- THE PROBLEM:
Write out the stretch of lines below that begins at the line with "undefined symbols (not" and ends at the line with "settings DebuggingCC: SaveWithParameterizedLinksMsg=none", including both, exactly as given and nothing more.

- INFORMATION PROVIDED:
══════

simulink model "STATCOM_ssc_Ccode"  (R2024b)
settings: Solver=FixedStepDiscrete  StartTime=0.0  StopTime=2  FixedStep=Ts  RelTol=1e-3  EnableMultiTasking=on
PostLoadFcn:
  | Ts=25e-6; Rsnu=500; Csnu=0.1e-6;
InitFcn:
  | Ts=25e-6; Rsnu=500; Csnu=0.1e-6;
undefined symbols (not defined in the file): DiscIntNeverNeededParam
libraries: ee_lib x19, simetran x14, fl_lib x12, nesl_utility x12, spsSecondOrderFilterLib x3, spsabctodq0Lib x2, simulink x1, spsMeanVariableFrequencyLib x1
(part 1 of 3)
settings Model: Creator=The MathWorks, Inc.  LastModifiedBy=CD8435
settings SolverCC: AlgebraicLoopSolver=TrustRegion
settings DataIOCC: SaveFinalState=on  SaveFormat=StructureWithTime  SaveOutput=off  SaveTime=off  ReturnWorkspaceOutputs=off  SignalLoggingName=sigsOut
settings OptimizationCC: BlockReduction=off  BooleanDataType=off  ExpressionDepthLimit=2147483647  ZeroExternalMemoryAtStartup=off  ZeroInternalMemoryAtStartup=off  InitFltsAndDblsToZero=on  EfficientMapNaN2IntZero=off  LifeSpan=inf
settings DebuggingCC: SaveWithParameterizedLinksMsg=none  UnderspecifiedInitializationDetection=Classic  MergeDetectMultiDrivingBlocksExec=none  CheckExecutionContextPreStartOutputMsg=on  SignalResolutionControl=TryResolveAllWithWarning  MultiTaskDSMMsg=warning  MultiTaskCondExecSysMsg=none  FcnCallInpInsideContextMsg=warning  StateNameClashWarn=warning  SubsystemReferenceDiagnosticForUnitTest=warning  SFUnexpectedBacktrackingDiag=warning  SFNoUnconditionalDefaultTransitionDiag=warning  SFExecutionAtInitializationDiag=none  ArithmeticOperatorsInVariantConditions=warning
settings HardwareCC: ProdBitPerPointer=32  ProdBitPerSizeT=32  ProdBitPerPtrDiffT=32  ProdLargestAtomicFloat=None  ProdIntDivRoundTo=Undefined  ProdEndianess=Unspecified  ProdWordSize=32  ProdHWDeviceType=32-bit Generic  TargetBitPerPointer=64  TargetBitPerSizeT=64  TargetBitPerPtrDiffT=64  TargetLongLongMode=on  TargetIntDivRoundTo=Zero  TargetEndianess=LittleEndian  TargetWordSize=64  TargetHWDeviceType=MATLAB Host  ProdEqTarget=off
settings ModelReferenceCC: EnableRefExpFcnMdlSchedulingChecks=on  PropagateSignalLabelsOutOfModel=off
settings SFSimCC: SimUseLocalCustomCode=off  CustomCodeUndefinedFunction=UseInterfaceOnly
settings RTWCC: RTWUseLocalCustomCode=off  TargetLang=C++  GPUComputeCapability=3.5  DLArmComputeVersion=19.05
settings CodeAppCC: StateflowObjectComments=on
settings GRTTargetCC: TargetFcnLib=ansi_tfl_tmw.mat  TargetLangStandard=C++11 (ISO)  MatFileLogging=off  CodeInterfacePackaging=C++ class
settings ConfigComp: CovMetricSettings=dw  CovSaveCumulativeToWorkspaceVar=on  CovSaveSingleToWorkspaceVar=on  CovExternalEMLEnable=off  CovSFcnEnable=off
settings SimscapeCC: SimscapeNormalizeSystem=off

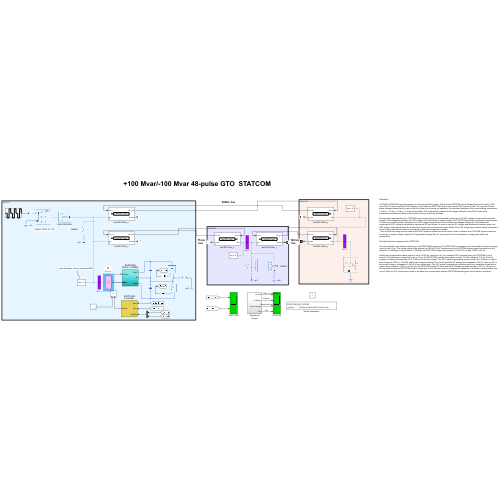
[thumbnail: Simulink's stored preview of the top-level diagram]
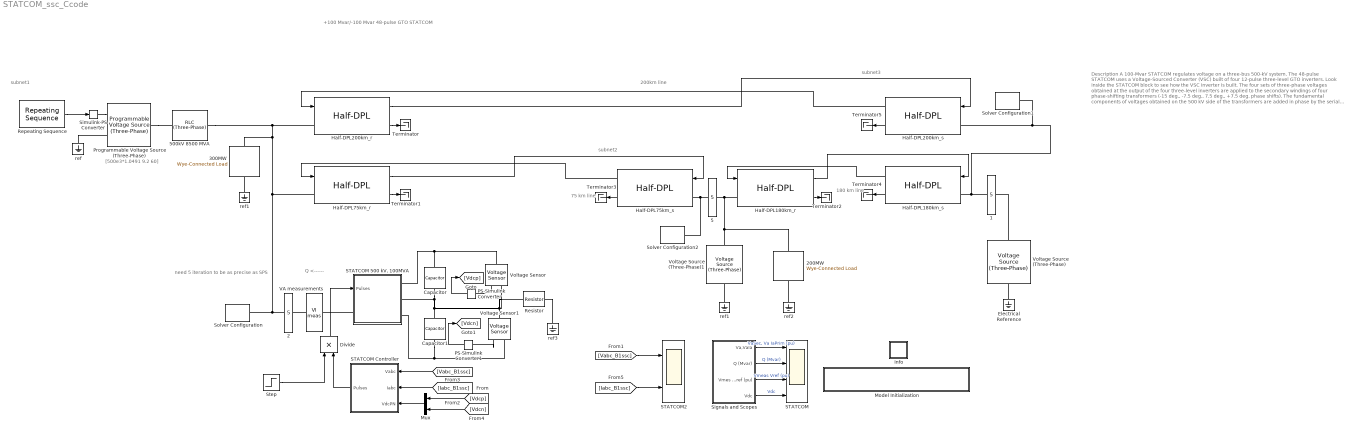
== system STATCOM_ssc_Ccode ==
  note: Description
      |
      |  A 100-Mvar STATCOM regulates voltage on a three-bus 500-kV system. The 48-pulse STATCOM uses a Voltage-Sourced Converter (VSC) built of four 12-pulse three-level GTO inverters. Look inside the STATCOM block to see how the VSC inverter is built. The four sets of three-phase voltages obtained at the output of the four three-level inverters are applied to the secondary windings of four phase-shifting transformers (-15 deg., -7.5 deg., 7.5 deg., +7.5 deg. phase shifts). The fundamental components of voltages obtained on the 500 kV side of the transformers are added in phase by the serial connection of primary windings.
      |
      | During steady-state operation the STATCOM control system keeps the fundamental component of the VSC voltage in phase with the system voltage. If the voltage generated by the VSC is higher (or lower) than the system voltage, the STATCOM generates (or absorbs) reactive power. The amount of reactive power depends on the VSC voltage magnitude and on the transformer leakage reactances. The fundamental component of VSC voltage is controlled by varying the DC bus voltage. In order to vary the DC voltage, and therefore the reactive power, the VSC voltage angle (alpha) which is normally kept close to zero is temporarily phase shifted. This VSC voltage lag or lead produces a temporary flow of active power which results in an increase or decrease of capacitor voltages.
      |   One of the three voltage sources used in the 500 kV system equivalents can be varied in order to observe the STATCOM dynamic response to changes in system voltage. Open the "Programmable Voltage Source" menu and look at the sequence of voltage steps which are programmed.
      |
      | Simulation Dynamic response of the STATCOM
      |
      |  Run the simulation and observe waveforms on the STATCOM scope block. The STATCOM is in voltage control mode and its reference voltage is set to Vref=1.0 pu. The voltage droop of the regulator is 0.03 pu/100 VA.Therefore when the STATCOM operating point changes from fully capacitive (+100 Mvar) to fully inductive (-100 Mvar) the STATCOM voltage varies between 1-0.03=0.97 pu and 1+0.03=1.03 pu.
      |
      | Initially the programmable voltage source is set at 1.0491 pu, resulting in a 1.0 pu voltage at SVC terminals when the STATCOM is out of service. As the reference voltage Vref is set to 1.0 pu, the STATCOM is initially floating (zero current). The DC voltage is 19.3 kV. At t=0.1s, voltage is suddenly decreased by 4.5 % (0.955 pu of nominal voltage). The SVC reacts by generating reactive power (Q=+70 Mvar) in order to keep voltage at 0.979 pu. The 95% settling time is approximately 47 ms. At this point the DC voltage has increased to 20.4 kV. Then, at t=0.2 s the source voltage is increased to1.045 pu of its nominal value. The SVC reacts by changing its operating point from capacitive to inductive in order to keep voltage at 1.021 pu. At this point the STATCOM absorbs 72 Mvar and the DC voltage has been lowered to 18.2 kV. Observe on the first trace showing the STATCOM primary voltage and current that the current is changing from capacitive to inductive in approximately one cycle. Finally, at t=0.3 s the source voltage in set back to its nominal value and the STATCOM operating point comes back to zero Mvar.
  note: 200km line
  note: subnet1
  note: subnet2
  note: subnet3
  note: +100 Mvar/-100 Mvar 48-pulse GTO STATCOM
  note: Q
      | <------
  note: [500e3*1.0491 9.2 60]
  note: need 5 iteration to be as precise as SPS
  note: 75 km
      | line
  note: 180 km
      | line
   ref{,1..3} (4 alike) : fl_lib/Electrical/Electrical Elements/Electrical Reference
  1 : simetran/5  bn=3
      settings: AttributesFormatString=Bus %<bn>
  2 : simetran/5  bn=1
      settings: AttributesFormatString=Bus %<bn>
  200MW : ee_lib/Passive/RLC Assemblies/Wye-Connected Load  port_option=ee.enum.threePhasePort.composite  parameterization=ee.enum.rlc.parameterization.ratedpower  component_structure=ee.enum.rlc.structure.R  component_structure_PQ=ee.enum.rlc.structure.R  R=1 Ohm  L=1e-3 H  C=1e-6 F  VRated=500e3 V  FRated=60 Hz  P=200e6 W  Qpos=1e2 A*V  Qneg=-1e2 A*V  R_parasitic=1e-6 Ohm  G_parasitic=1e-6 1/Ohm  R_parasitic_PQ=1e-6 Ohm  G_parasitic_PQ=1e-6 1/Ohm  Vmag0=24e3 V  Vang0=0 deg  Freq0=60 Hz  IL_specify=off  IL_priority=High  IL=[0, 0, 0] A  IL_nominal_specify=off  IL_nominal_value=1  IL_nominal_unit=A  VC_specify=off  VC_priority=High  VC=[0, 0, 0] V  VC_nominal_specify=off  VC_nominal_value=1  VC_nominal_unit=V
  300MW : ee_lib/Passive/RLC Assemblies/Wye-Connected Load  port_option=ee.enum.threePhasePort.composite  parameterization=ee.enum.rlc.parameterization.ratedpower  component_structure=ee.enum.rlc.structure.R  component_structure_PQ=ee.enum.rlc.structure.R  R=1 Ohm  L=1e-3 H  C=1e-6 F  VRated=500e3 V  FRated=60 Hz  P=300e6 W  Qpos=1e2 A*V  Qneg=-1e2 A*V  R_parasitic=1e-6 Ohm  G_parasitic=1e-6 1/Ohm  R_parasitic_PQ=1e-6 Ohm  G_parasitic_PQ=1e-6 1/Ohm  Vmag0=24e3 V  Vang0=0 deg  Freq0=60 Hz  IL_specify=off  IL_priority=High  IL=[0, 0, 0] A  IL_nominal_specify=off  IL_nominal_value=1  IL_nominal_unit=A  VC_specify=off  VC_priority=High  VC=[0, 0, 0] V  VC_nominal_specify=off  VC_nominal_value=1  VC_nominal_unit=V
  5 : simetran/5  bn=2
      settings: AttributesFormatString=Bus %<bn>
  500kV 8500 MVA : ee_lib/Passive/RLC Assemblies/RLC (Three-Phase)  port_option=ee.enum.threePhasePort.composite  component_structure=ee.enum.rlc.structure.SeriesRL  R=500e3^2/8500e6/10 Ohm  L=500e3^2/8500e6/(2*pi*60) H  C=1e-6 F  R_parasitic=0 Ohm  G_parasitic=0 1/Ohm  IL_specify=off  IL_priority=High  IL=[0, 0, 0] A  IL_nominal_specify=off  IL_nominal_value=1  IL_nominal_unit=A  VC_specify=off  VC_priority=High  VC=[0, 0, 0] V  VC_nominal_specify=off  VC_nominal_value=1  VC_nominal_unit=V
      settings: InternalSimscapePortConfiguration="{\"Bottom\":[],\"Left\":[{\"id\":\"N1\",\"label\":\"~1\",\"type\":\"foundation.electrical.three_phase\"}],\"Right\":[{\"id\":\"N2\",\"label\":\"~2\",\"type\":\"foundation.electrical.three_phase\"}],\"Top\":[]}"
  Capacitor : ee_lib/Passive/Capacitor  cap_option=ee.enum.passive.capacitor.capOption.const  c=3000e-6 F  Cvec=[1e-05, 1e-06] F  Vvec=[0, 10] V  CV_table_symmetry=ee.enum.passive.capacitor.tableSymmetry.yes  f_vec=[1, 10] kHz  DFext_vec=[.8, 1.2]  enable_C_tol=ee.enum.toleranceApplication.none  averaging_period=0 s  C_tol=5  tol_distribution=ee.enum.toleranceDistribution.uniform  nSigma=4  r=0 Ohm  g=0 1/Ohm  enable_operating_limits=ee.enum.enable.no  operating_limit_action=ee.enum.passive.reportOpLim.warn  max_working_voltage_range=[-25, 25] V  power_rating=1 W  maxTemperature=85 degC  thermalEnable=false  thermalMass=1 J/K  fault_action=simscape.enum.assert.action.none  t_fault=1 s  i_specify=off  i_priority=None  i=0 A  i_nominal_specify=off  i_nominal_value=1  i_nominal_unit=A  v_specify=off  v_priority=None  v=10000 V  v_nominal_specify=off  v_nominal_value=1  v_nominal_unit=V  vc_specify=off  vc_priority=High  vc=10000 V  vc_nominal_specify=off  vc_nominal_value=1  vc_nominal_unit=V  T_specify=off  T_priority=None  T=298.15 K  T_nominal_specify=off  T_nominal_value=1  T_nominal_unit=K
  Capacitor1 : ee_lib/Passive/Capacitor  cap_option=ee.enum.passive.capacitor.capOption.const  c=3000e-6 F  Cvec=[1e-05, 1e-06] F  Vvec=[0, 10] V  CV_table_symmetry=ee.enum.passive.capacitor.tableSymmetry.yes  f_vec=[1, 10] kHz  DFext_vec=[.8, 1.2]  enable_C_tol=ee.enum.toleranceApplication.none  averaging_period=0 s  C_tol=5  tol_distribution=ee.enum.toleranceDistribution.uniform  nSigma=4  r=0 Ohm  g=0 1/Ohm  enable_operating_limits=ee.enum.enable.no  operating_limit_action=ee.enum.passive.reportOpLim.warn  max_working_voltage_range=[-25, 25] V  power_rating=1 W  maxTemperature=85 degC  thermalEnable=false  thermalMass=1 J/K  fault_action=simscape.enum.assert.action.none  t_fault=1 s  i_specify=off  i_priority=None  i=0 A  i_nominal_specify=off  i_nominal_value=1  i_nominal_unit=A  v_specify=off  v_priority=None  v=0 V  v_nominal_specify=off  v_nominal_value=1  v_nominal_unit=V  vc_specify=off  vc_priority=High  vc=10000 V  vc_nominal_specify=off  vc_nominal_value=1  vc_nominal_unit=V  T_specify=off  T_priority=None  T=298.15 K  T_nominal_specify=off  T_nominal_value=1  T_nominal_unit=K
  Divide : Product
  Electrical Reference : fl_lib/Electrical/Electrical Elements/Electrical Reference
  Half-DPL180km_r : simetran/Half-DPL  Phases=3  Frequency=60  Resistance=[0.01273*2 0.3864]  Inductance="[0.9337e-3  4.1264e-3]"  Capacitance=[12.74e-9 7.751e-9]  Length=180  Ts=Ts
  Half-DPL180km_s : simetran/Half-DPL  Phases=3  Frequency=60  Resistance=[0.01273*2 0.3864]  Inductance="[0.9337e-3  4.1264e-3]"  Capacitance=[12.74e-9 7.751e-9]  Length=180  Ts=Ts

══════

- ANSWER TO THE EXERCISE:
undefined symbols (not defined in the file): DiscIntNeverNeededParam
libraries: ee_lib x19, simetran x14, fl_lib x12, nesl_utility x12, spsSecondOrderFilterLib x3, spsabctodq0Lib x2, simulink x1, spsMeanVariableFrequencyLib x1
(part 1 of 3)
settings Model: Creator=The MathWorks, Inc.  LastModifiedBy=CD8435
settings SolverCC: AlgebraicLoopSolver=TrustRegion
settings DataIOCC: SaveFinalState=on  SaveFormat=StructureWithTime  SaveOutput=off  SaveTime=off  ReturnWorkspaceOutputs=off  SignalLoggingName=sigsOut
settings OptimizationCC: BlockReduction=off  BooleanDataType=off  ExpressionDepthLimit=2147483647  ZeroExternalMemoryAtStartup=off  ZeroInternalMemoryAtStartup=off  InitFltsAndDblsToZero=on  EfficientMapNaN2IntZero=off  LifeSpan=inf
settings DebuggingCC: SaveWithParameterizedLinksMsg=none  UnderspecifiedInitializationDetection=Classic  MergeDetectMultiDrivingBlocksExec=none  CheckExecutionContextPreStartOutputMsg=on  SignalResolutionControl=TryResolveAllWithWarning  MultiTaskDSMMsg=warning  MultiTaskCondExecSysMsg=none  FcnCallInpInsideContextMsg=warning  StateNameClashWarn=warning  SubsystemReferenceDiagnosticForUnitTest=warning  SFUnexpectedBacktrackingDiag=warning  SFNoUnconditionalDefaultTransitionDiag=warning  SFExecutionAtInitializationDiag=none  ArithmeticOperatorsInVariantConditions=warning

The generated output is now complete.